Beim Druckstrahlverfahren befindet sich das Strahlmittel in einem Druckstrahlkessel. In diesen wird bereits schon so viel Druck eingeleitet, dass das Strahlmittel in einen Schlauch gedrückt wird, welcher ebenfalls mit Druckluft gefüllt wird. So wird das Strahlmittel zusätzlich noch beschleunigt. Letztendlich gelangt es zu der Strahldüse. Diese Düse wurde so konstruiert, dass das Strahlmittel hier nochmals eine Beschleunigung erfährt und es so der beim Sandstrahlen bekannten hohen Strahlmittelgeschwindigkeit kommt.
Die Methode basiert auf dem Druck-Umkehrprinzip. Für dieses Strahlverfahren wird eine so genannte Strahlpistole verwendet. Diese besteht aus einer Strahldüse, einer Luftdüse und einer Mischkammer. Die Druckluft wird über die Luftdüse in die Mischkammer geleitet. Ein Unterdruck wiederum saugt das Strahlmittel an, welches dadurch ebenfalls in die Mischkammer gelangt. Es gelangt anschließend in die Strahldüse, wo dieses wie beim Druckluftverfahren somit mit sehr hoher Geschwindigkeit nach außen gelangt.
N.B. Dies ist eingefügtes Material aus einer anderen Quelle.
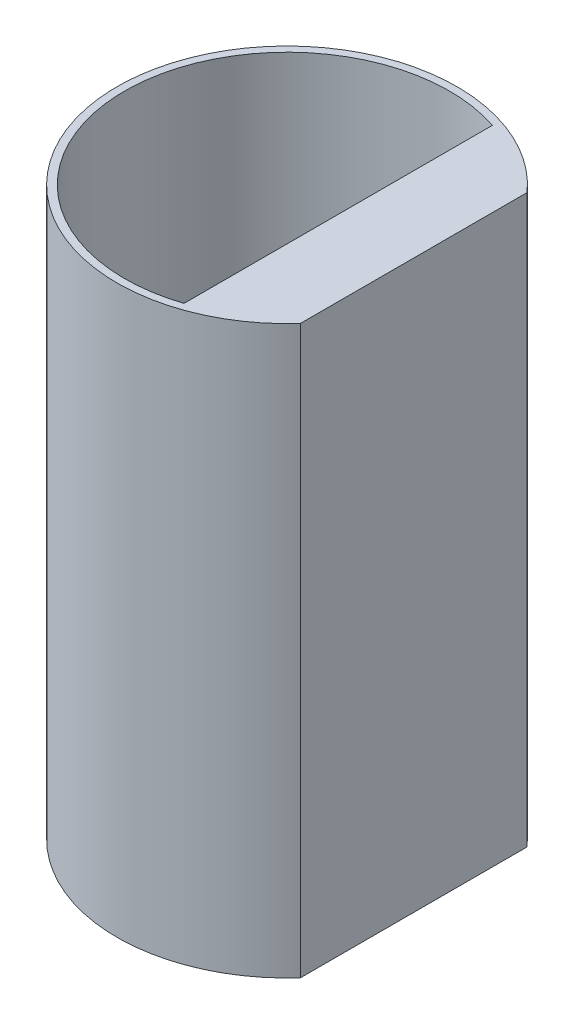
ISO-10303-21;
HEADER;
FILE_DESCRIPTION(('STEP AP214'),'2;1');
FILE_NAME('part.step','',(''),(''),'','','');
FILE_SCHEMA(('AUTOMOTIVE_DESIGN { 1 0 10303 214 1 1 1 1 }'));
ENDSEC;
DATA;
#1=APPLICATION_CONTEXT('core data for automotive mechanical design processes');
#2=APPLICATION_PROTOCOL_DEFINITION('international standard','automotive_design',2000,#1);
#3=PRODUCT_CONTEXT('',#1,'mechanical');
#4=PRODUCT('Part','Part','',(#3));
#5=PRODUCT_RELATED_PRODUCT_CATEGORY('part','',(#4));
#6=PRODUCT_DEFINITION_FORMATION('','',#4);
#7=PRODUCT_DEFINITION_CONTEXT('part definition',#1,'design');
#8=PRODUCT_DEFINITION('design','',#6,#7);
#9=PRODUCT_DEFINITION_SHAPE('','',#8);
#10=(LENGTH_UNIT() NAMED_UNIT(*) SI_UNIT(.MILLI.,.METRE.));
#11=(NAMED_UNIT(*) PLANE_ANGLE_UNIT() SI_UNIT($,.RADIAN.));
#12=(NAMED_UNIT(*) SI_UNIT($,.STERADIAN.) SOLID_ANGLE_UNIT());
#13=UNCERTAINTY_MEASURE_WITH_UNIT(LENGTH_MEASURE(1.E-05),#10,'distance_accuracy_value','');
#14=(GEOMETRIC_REPRESENTATION_CONTEXT(3) GLOBAL_UNCERTAINTY_ASSIGNED_CONTEXT((#13)) GLOBAL_UNIT_ASSIGNED_CONTEXT((#10,
#11,#12)) REPRESENTATION_CONTEXT('',''));
#15=CARTESIAN_POINT('',(0.,0.,0.));
#16=DIRECTION('',(0.,0.,1.));
#17=DIRECTION('',(1.,0.,0.));
#18=AXIS2_PLACEMENT_3D('',#15,#16,#17);
#19=CARTESIAN_POINT('',(0.,190.5,0.));
#20=DIRECTION('',(0.,-1.,0.));
#21=DIRECTION('',(0.,0.,-1.));
#22=AXIS2_PLACEMENT_3D('',#19,#20,#21);
#23=CYLINDRICAL_SURFACE('',#22,57.15);
#24=DIRECTION('',(0.,1.,0.));
#25=VECTOR('',#24,1.);
#26=CARTESIAN_POINT('',(42.597094971371,0.,38.1));
#27=LINE('',#26,#25);
#28=CARTESIAN_POINT('',(42.597094971371,0.,38.1));
#29=VERTEX_POINT('',#28);
#30=CARTESIAN_POINT('',(42.597094971371,190.5,38.1));
#31=VERTEX_POINT('',#30);
#32=EDGE_CURVE('E55',#29,#31,#27,.T.);
#33=ORIENTED_EDGE('',*,*,#32,.T.);
#34=CARTESIAN_POINT('',(0.,190.5,0.));
#35=DIRECTION('',(0.,1.,0.));
#36=DIRECTION('',(0.,0.,1.));
#37=AXIS2_PLACEMENT_3D('',#34,#35,#36);
#38=CIRCLE('',#37,57.15);
#39=CARTESIAN_POINT('',(42.597094971371,190.5,-38.1));
#40=VERTEX_POINT('',#39);
#41=EDGE_CURVE('E11',#40,#31,#38,.T.);
#42=ORIENTED_EDGE('',*,*,#41,.F.);
#43=DIRECTION('',(0.,1.,0.));
#44=VECTOR('',#43,1.);
#45=CARTESIAN_POINT('',(42.597094971371,0.,-38.1));
#46=LINE('',#45,#44);
#47=CARTESIAN_POINT('',(42.597094971371,0.,-38.1));
#48=VERTEX_POINT('',#47);
#49=EDGE_CURVE('E98',#48,#40,#46,.T.);
#50=ORIENTED_EDGE('',*,*,#49,.F.);
#51=CARTESIAN_POINT('',(0.,0.,0.));
#52=DIRECTION('',(0.,1.,0.));
#53=DIRECTION('',(0.,0.,1.));
#54=AXIS2_PLACEMENT_3D('',#51,#52,#53);
#55=CIRCLE('',#54,57.15);
#56=EDGE_CURVE('E36',#48,#29,#55,.T.);
#57=ORIENTED_EDGE('',*,*,#56,.T.);
#58=EDGE_LOOP('',(#33,#42,#50,#57));
#59=FACE_BOUND('',#58,.T.);
#60=ADVANCED_FACE('F33',(#59),#23,.T.);
#61=CARTESIAN_POINT('',(0.,190.5,0.));
#62=DIRECTION('',(0.,1.,0.));
#63=DIRECTION('',(0.,0.,1.));
#64=AXIS2_PLACEMENT_3D('',#61,#62,#63);
#65=PLANE('',#64);
#66=CARTESIAN_POINT('',(0.,190.5,0.));
#67=DIRECTION('',(0.,1.,0.));
#68=DIRECTION('',(0.,0.,1.));
#69=AXIS2_PLACEMENT_3D('',#66,#67,#68);
#70=CIRCLE('',#69,54.61);
#71=CARTESIAN_POINT('',(17.197094971371,190.5,-51.8315736259825));
#72=VERTEX_POINT('',#71);
#73=CARTESIAN_POINT('',(17.197094971371,190.5,51.8315736259825));
#74=VERTEX_POINT('',#73);
#75=EDGE_CURVE('E47',#72,#74,#70,.T.);
#76=ORIENTED_EDGE('',*,*,#75,.F.);
#77=DIRECTION('',(0.,0.,-1.));
#78=VECTOR('',#77,1.);
#79=CARTESIAN_POINT('',(17.197094971371,190.5,0.));
#80=LINE('',#79,#78);
#81=EDGE_CURVE('E85',#74,#72,#80,.T.);
#82=ORIENTED_EDGE('',*,*,#81,.F.);
#83=EDGE_LOOP('',(#76,#82));
#84=FACE_BOUND('',#83,.T.);
#85=ORIENTED_EDGE('',*,*,#41,.T.);
#86=DIRECTION('',(0.,0.,-1.));
#87=VECTOR('',#86,1.);
#88=CARTESIAN_POINT('',(42.597094971371,190.5,0.));
#89=LINE('',#88,#87);
#90=EDGE_CURVE('E89',#31,#40,#89,.T.);
#91=ORIENTED_EDGE('',*,*,#90,.T.);
#92=EDGE_LOOP('',(#85,#91));
#93=FACE_BOUND('',#92,.T.);
#94=ADVANCED_FACE('F106',(#84,#93),#65,.T.);
#95=CARTESIAN_POINT('',(0.,0.,0.));
#96=DIRECTION('',(0.,1.,0.));
#97=DIRECTION('',(0.,0.,1.));
#98=AXIS2_PLACEMENT_3D('',#95,#96,#97);
#99=PLANE('',#98);
#100=DIRECTION('',(0.,0.,-1.));
#101=VECTOR('',#100,1.);
#102=CARTESIAN_POINT('',(42.597094971371,0.,0.));
#103=LINE('',#102,#101);
#104=EDGE_CURVE('E94',#29,#48,#103,.T.);
#105=ORIENTED_EDGE('',*,*,#104,.F.);
#106=ORIENTED_EDGE('',*,*,#56,.F.);
#107=EDGE_LOOP('',(#105,#106));
#108=FACE_BOUND('',#107,.T.);
#109=ADVANCED_FACE('F109',(#108),#99,.F.);
#110=CARTESIAN_POINT('',(42.597094971371,0.,0.));
#111=DIRECTION('',(1.,0.,0.));
#112=DIRECTION('',(0.,0.,-1.));
#113=AXIS2_PLACEMENT_3D('',#110,#111,#112);
#114=PLANE('',#113);
#115=ORIENTED_EDGE('',*,*,#90,.F.);
#116=ORIENTED_EDGE('',*,*,#32,.F.);
#117=ORIENTED_EDGE('',*,*,#104,.T.);
#118=ORIENTED_EDGE('',*,*,#49,.T.);
#119=EDGE_LOOP('',(#115,#116,#117,#118));
#120=FACE_BOUND('',#119,.T.);
#121=ADVANCED_FACE('F107',(#120),#114,.T.);
#122=CARTESIAN_POINT('',(0.,190.5,0.));
#123=DIRECTION('',(0.,-1.,0.));
#124=DIRECTION('',(0.,0.,-1.));
#125=AXIS2_PLACEMENT_3D('',#122,#123,#124);
#126=CYLINDRICAL_SURFACE('',#125,54.61);
#127=DIRECTION('',(0.,-1.,0.));
#128=VECTOR('',#127,1.);
#129=CARTESIAN_POINT('',(17.197094971371,12.7,51.8315736259825));
#130=LINE('',#129,#128);
#131=CARTESIAN_POINT('',(17.197094971371,12.7,51.8315736259825));
#132=VERTEX_POINT('',#131);
#133=EDGE_CURVE('E71',#132,#74,#130,.F.);
#134=ORIENTED_EDGE('',*,*,#133,.F.);
#135=CARTESIAN_POINT('',(0.,12.7,0.));
#136=DIRECTION('',(0.,1.,0.));
#137=DIRECTION('',(0.,0.,1.));
#138=AXIS2_PLACEMENT_3D('',#135,#136,#137);
#139=CIRCLE('',#138,54.61);
#140=CARTESIAN_POINT('',(17.197094971371,12.7,-51.8315736259825));
#141=VERTEX_POINT('',#140);
#142=EDGE_CURVE('E75',#141,#132,#139,.T.);
#143=ORIENTED_EDGE('',*,*,#142,.F.);
#144=DIRECTION('',(0.,-1.,0.));
#145=VECTOR('',#144,1.);
#146=CARTESIAN_POINT('',(17.197094971371,12.7,-51.8315736259825));
#147=LINE('',#146,#145);
#148=EDGE_CURVE('E79',#141,#72,#147,.F.);
#149=ORIENTED_EDGE('',*,*,#148,.T.);
#150=ORIENTED_EDGE('',*,*,#75,.T.);
#151=EDGE_LOOP('',(#134,#143,#149,#150));
#152=FACE_BOUND('',#151,.T.);
#153=ADVANCED_FACE('F73',(#152),#126,.F.);
#154=CARTESIAN_POINT('',(0.,12.7,0.));
#155=DIRECTION('',(0.,1.,0.));
#156=DIRECTION('',(0.,0.,1.));
#157=AXIS2_PLACEMENT_3D('',#154,#155,#156);
#158=PLANE('',#157);
#159=DIRECTION('',(0.,0.,-1.));
#160=VECTOR('',#159,1.);
#161=CARTESIAN_POINT('',(17.197094971371,12.7,0.));
#162=LINE('',#161,#160);
#163=EDGE_CURVE('E80',#132,#141,#162,.T.);
#164=ORIENTED_EDGE('',*,*,#163,.T.);
#165=ORIENTED_EDGE('',*,*,#142,.T.);
#166=EDGE_LOOP('',(#164,#165));
#167=FACE_BOUND('',#166,.T.);
#168=ADVANCED_FACE('F87',(#167),#158,.T.);
#169=CARTESIAN_POINT('',(17.197094971371,0.,0.));
#170=DIRECTION('',(1.,0.,0.));
#171=DIRECTION('',(0.,0.,-1.));
#172=AXIS2_PLACEMENT_3D('',#169,#170,#171);
#173=PLANE('',#172);
#174=ORIENTED_EDGE('',*,*,#81,.T.);
#175=ORIENTED_EDGE('',*,*,#148,.F.);
#176=ORIENTED_EDGE('',*,*,#163,.F.);
#177=ORIENTED_EDGE('',*,*,#133,.T.);
#178=EDGE_LOOP('',(#174,#175,#176,#177));
#179=FACE_BOUND('',#178,.T.);
#180=ADVANCED_FACE('F83',(#179),#173,.F.);
#181=CLOSED_SHELL('',(#60,#94,#109,#121,#153,#168,#180));
#182=MANIFOLD_SOLID_BREP('B2',#181);
#183=ADVANCED_BREP_SHAPE_REPRESENTATION('',(#18,#182),#14);
#184=SHAPE_DEFINITION_REPRESENTATION(#9,#183);
ENDSEC;
END-ISO-10303-21;

Je nach Anwendung kann der Druck sowie die Menge des benutzten Strahlmittels in der Regel genauestens dosiert werden.
Beim herkömmlichen Sandstrahlen von Oberflächen liegt es in der Natur der Sache, dass sich hier sehr viel Staub bildet. Diese Arbeiten werden aufgrund dessen in speziellen Strahlhallen ausgeführt, die über eine spezielle Beschichtung der Innenwände verfügen und deren Einrichtungen strahlmittelresistent sind.
Spezielle Hochleistungsfilteranlagen und Strahlmittelrückförderungssysteme gewährleisten weiterhin, dass die für die Reinigung angewendeten Strahlmittel wieder den Strahlsystemen zurückgeführt werden können.
Ist es aufgrund der fehlenden Transportiermöglichkeit des zu reinigenden Objekts nicht möglich, dieses in eine Strahlhalle zu verschaffen, muss vor Beginn der Sandstrahlarbeiten die Arbeitsumgebung so abgedichtet werden, dass der entstehende Staub die Umgebung nicht belastet.